America is gripped in a diet fever. Thousands of diet plans are on offer. In fact, if you’re cash-starved and want to make a quick buck, just pen a book about a new diet you’ve conjured up, give it a sexy name, and presto, you’re an instant millionaire. No previous writing experience necessary. You might try and call it something like "The Emaciated Scarecrow Look" or "Thin is In." Or better, just associate the book with something really chick-like — "The Rodeo Drive Diet" or "The Fifth Avenue Starvation Plan" — and you’ll be retiring in six months.

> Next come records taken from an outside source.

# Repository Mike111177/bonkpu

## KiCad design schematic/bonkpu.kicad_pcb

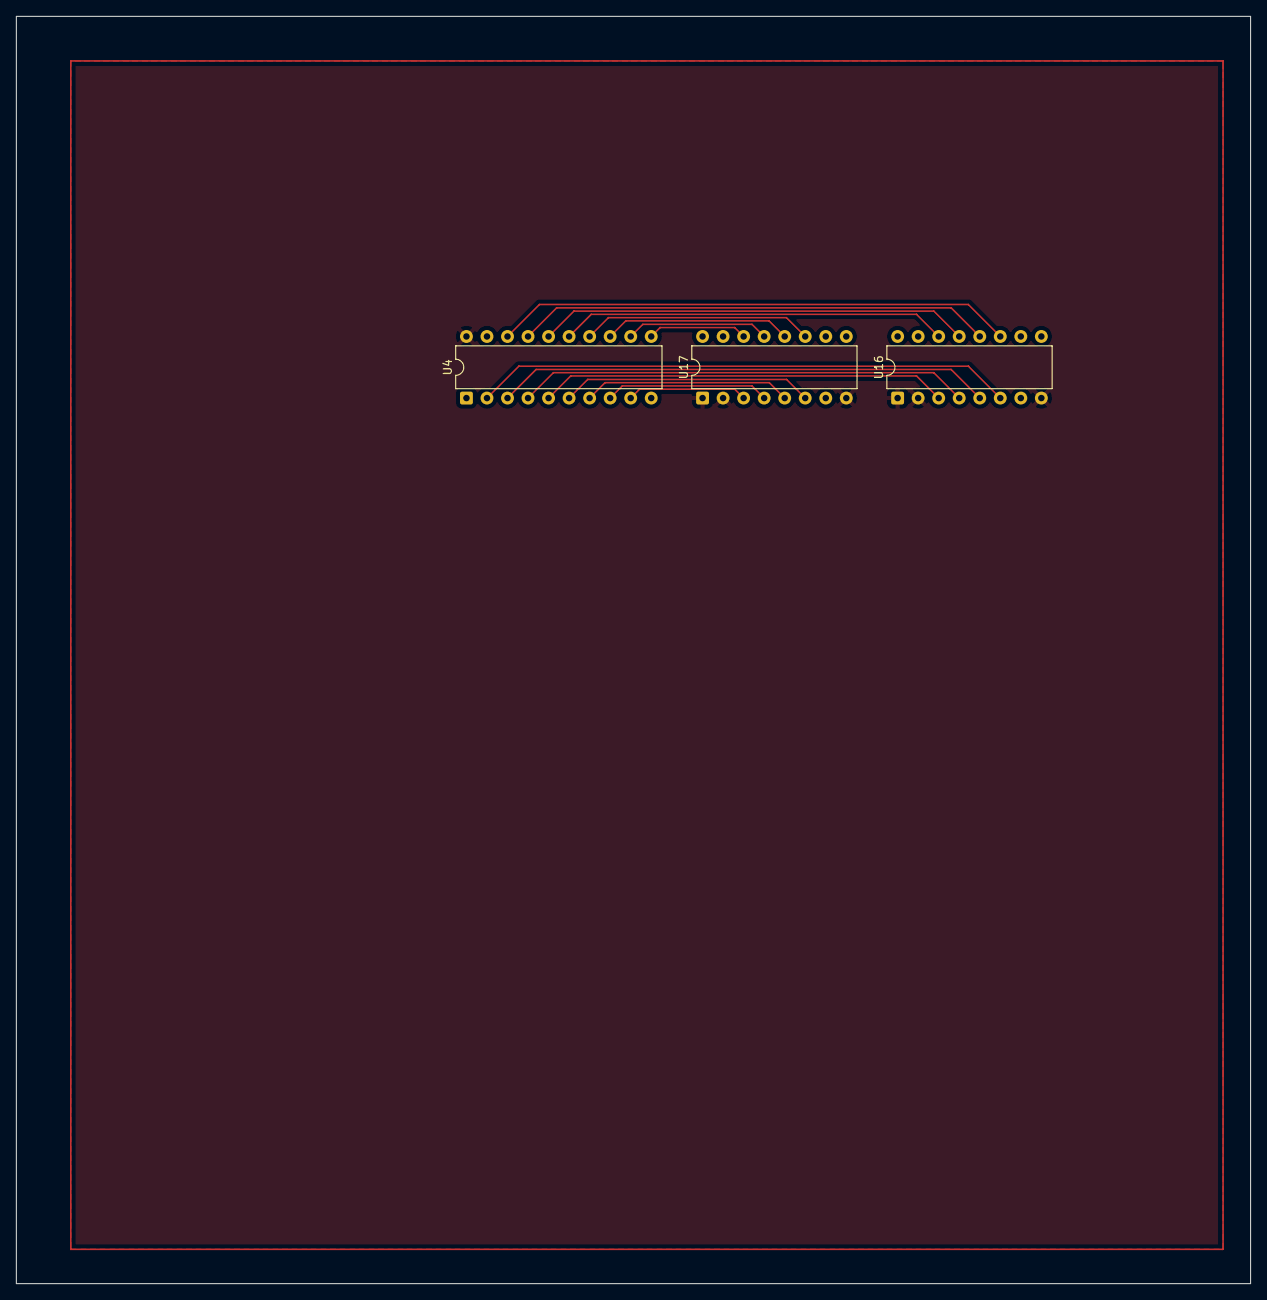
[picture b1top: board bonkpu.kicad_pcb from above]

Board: 2 copper layers, 152.7 x 156.8 mm, 3 parts (0 on the bottom side), 21 nets.

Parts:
U4: 74LS245; DIP-20_W7.62mm
U16, U17: 74LS173; DIP-16_W7.62mm

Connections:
/A REG/bus0: U4.11 (B7), U17.14 (D0)
/A REG/bus1: U4.12 (B6), U17.13 (D1)
/A REG/bus2: U4.13 (B5), U17.12 (D2)
/A REG/bus3: U4.14 (B4), U17.11 (D3)
/A REG/bus4: U4.15 (B3), U16.14 (D0)
/A REG/bus5: U4.16 (B2), U16.13 (D1)
/A REG/bus6: U4.17 (B1), U16.12 (D2)
/A REG/bus7: U4.18 (B0), U16.11 (D3)
/A REG/v0: U4.9 (A7), U17.3 (Q0)
/A REG/v1: U4.8 (A6), U17.4 (Q1)
/A REG/v2: U4.7 (A5), U17.5 (Q2)
/A REG/v3: U4.6 (A4), U17.6 (Q3)
/A REG/v4: U4.5 (A3), U16.3 (Q0)
/A REG/v5: U4.4 (A2), U16.4 (Q1)
/A REG/v6: U4.3 (A1), U16.5 (Q2)
/A REG/v7: U4.2 (A0), U16.6 (Q3)
CLK: U16.7 (Cp), U17.7 (Cp)
GND: U4.20 (VCC), U16.1 (Oe1), U16.2 (Oe2), U16.8 (GND), U17.1 (Oe1), U17.2 (Oe2), U17.8 (GND)
RESET: U16.15 (Mr), U17.15 (Mr)
VCC: U4.1 (A->B), U4.10 (GND), U16.16 (VCC), U17.16 (VCC)
~AI: U16.9 (E1), U16.10 (E2), U17.9 (E1), U17.10 (E2)

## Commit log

2025-05-13 moved instructions to its own file
2025-05-13 got CU working in sim
2025-05-14 Added A, B, and C to sim
2025-05-14 Added flags indicator
2025-05-14 Removed nonsense overflow logic
2025-05-16 fix gitignore for kicad
2025-05-16 Added memory and counter to sim
2025-05-16 Fix load op step
2025-05-16 cleanup
2025-05-16 fixed RI bus line
2025-05-16 fixed sim wiring
2025-05-16 started assembler
2025-05-16 got fibonachi working
2025-05-16 Generalized instruction parser
2025-05-16 organized instructions table
2025-05-16 oh god i miss a control signal
2025-05-16 made labels work in assember
2025-05-17 made a multiply program
2025-05-17 added clock count to instruction table
2025-05-19 Added stack pointer
2025-05-19 fixed counter bug
2025-05-19 put program counter and mar in subcircuits in sim
2025-05-20 Added defs to assembler
2025-05-20 blork
2025-05-20 update sim
2025-05-20 Refactored bus control
2025-05-21 added pointer instructions
2025-05-21 refactored bus input, shrank microcode to 16 bit
2025-05-25 Added offset pointer and stack ops
2025-05-26 added cmp instructions
2025-05-26 made fibonachi recursive
2025-06-01 Added print feature to assembler and better errors
2025-06-01 Added support for negativew 16 bit numbers
2025-06-01 started on fibonnachi16 (it does not work yet)
2025-06-01 its 8-bit now, its gonna be eaiser to build
2025-06-01 added 16 bit mode to measure_bin script
2025-06-03 Added multi arg capability to assembler
2025-06-03 Added ability to put label and code on same line
2025-06-03 Added asciiz directive
2025-06-03 Added LDai instr
2025-06-03 Added x register for pointer arithmatic
2025-06-03 add LDas (non-func)
2025-06-05 Got an example with dereferencing working
2025-06-05 improved multiply program
2025-06-05 michaelcode
2025-06-08 added esp32 hello word
2025-06-09 Simple web server

As for me, I have little time to read all these books, and even less inclination to make a mint from a diet plan because I believe we’ve overdone all the dieting stuff. To me, thin isn’t in, but rather "meat is neat." After all, if you’re a husband, what would you rather hug and hold, a bag of bones and a rib cage, or soft, supple flesh?

But everything in moderation; too thin is repulsive and hideous, and too fat is unhealthy and ungainly.

So here is my plan for the perfect diet that works better than anything you can buy and it’s both simple and free. It’s called "The Compliment Diet."

Here’s how it works. Give your wife a daily compliment telling her how beautiful she is. Tell her how great she looks in her dress, how shapely her new suit is. Notice when she gets her hair done. Compliment her on her nails and manicure (something that husbands always miss). When she puts on a nightgown, tell her she looks ravishing (make sure you turn off the TV first). Practice giving your wife at least five sincere compliments per day. In no time, you will begin to see the benefits.

Your wife will begin to live up to the vision you have set for her.

Since you told her she is beautiful, she will become beautiful. Since you told her she is thin, she’ll become thinner. Since you told her she looks shapely in her new blouse, she’ll live to fulfill the vision. It may take a few weeks, but it will happen. Guaranteed.

Do you know why women put on weight? It is almost always because of a neglectful husband. And if you see a woman who has "let herself go," then it’s not her you should be blaming but the man in her life. Would you deprive yourself of all the culinary delights that a prosperous society has to offer if your own husband never even noticed the sacrifice? Would you work out and go to a gym if you came home every day to a monosyllabic brute whose backside is buried deep in the couch and whose head is inextricably attached to the TV?

Moreover, so many ignored wives today are sensually deprived. Their husbands often don’t touch them, hug them, kiss them, or make love to them. So they compensate for sensual deprivation in one area by making up for it in another. In short, they eat.

And who could blame them? A big dinner makes you feel good about yourself. But your out-to-lunch husband makes you feel ordinary and overlooked.

Studies show that married women are on average about ‘0 percent heavier than single women. And why? Well, the saying goes that the single woman comes home, checks what’s in the fridge, and then goes to bed. But the married woman comes home, checks what’s in the bed, and then goes to the fridge.

All this mumbo-jumbo about looking good for yourself is nice, but it will never inspire a woman as much as looking great for someone she loves. Because she doesn’t want to be in love with herself. She wants to be in love with her man.

I wrote an entire book on infidelity called "Kosher Adultery." (Before you get any ideas, the book is about how a marriage can be turned into an "illicit" affair.) The number one giveaway that a husband is having an affair is him doing something incredibly stupid like arriving home with another woman’s underwear around his neck or her phone number tattooed to his arm. That’s because men have affairs mostly to boost their self-esteem, so subconsciously they brag about it without even being aware of it. But a wife cheats primarily because she is ignored and neglected by her husband. So, since his ignorance is the cause of the affair, it stands to reason that just as he doesn’t know his wife is alive, he also doesn’t know that she is cheating on him. So how does a husband find out? Well, the biggest giveaway is that she starts growing her hair long, buys colorful clothing, exchanges her cotton undergarments for silk, and goes on a diet.

Some stranger started complimenting her and telling her that she is slim and beautiful. So she became slim and beautiful.

And why did it have to be a lover? Why did it have to tear the family apart? Why couldn’t it have been her husband?

The sad history of relationships has been that the female need for attention is almost never met by the male attention span. But that is a history we can reverse. All it takes is a compliment.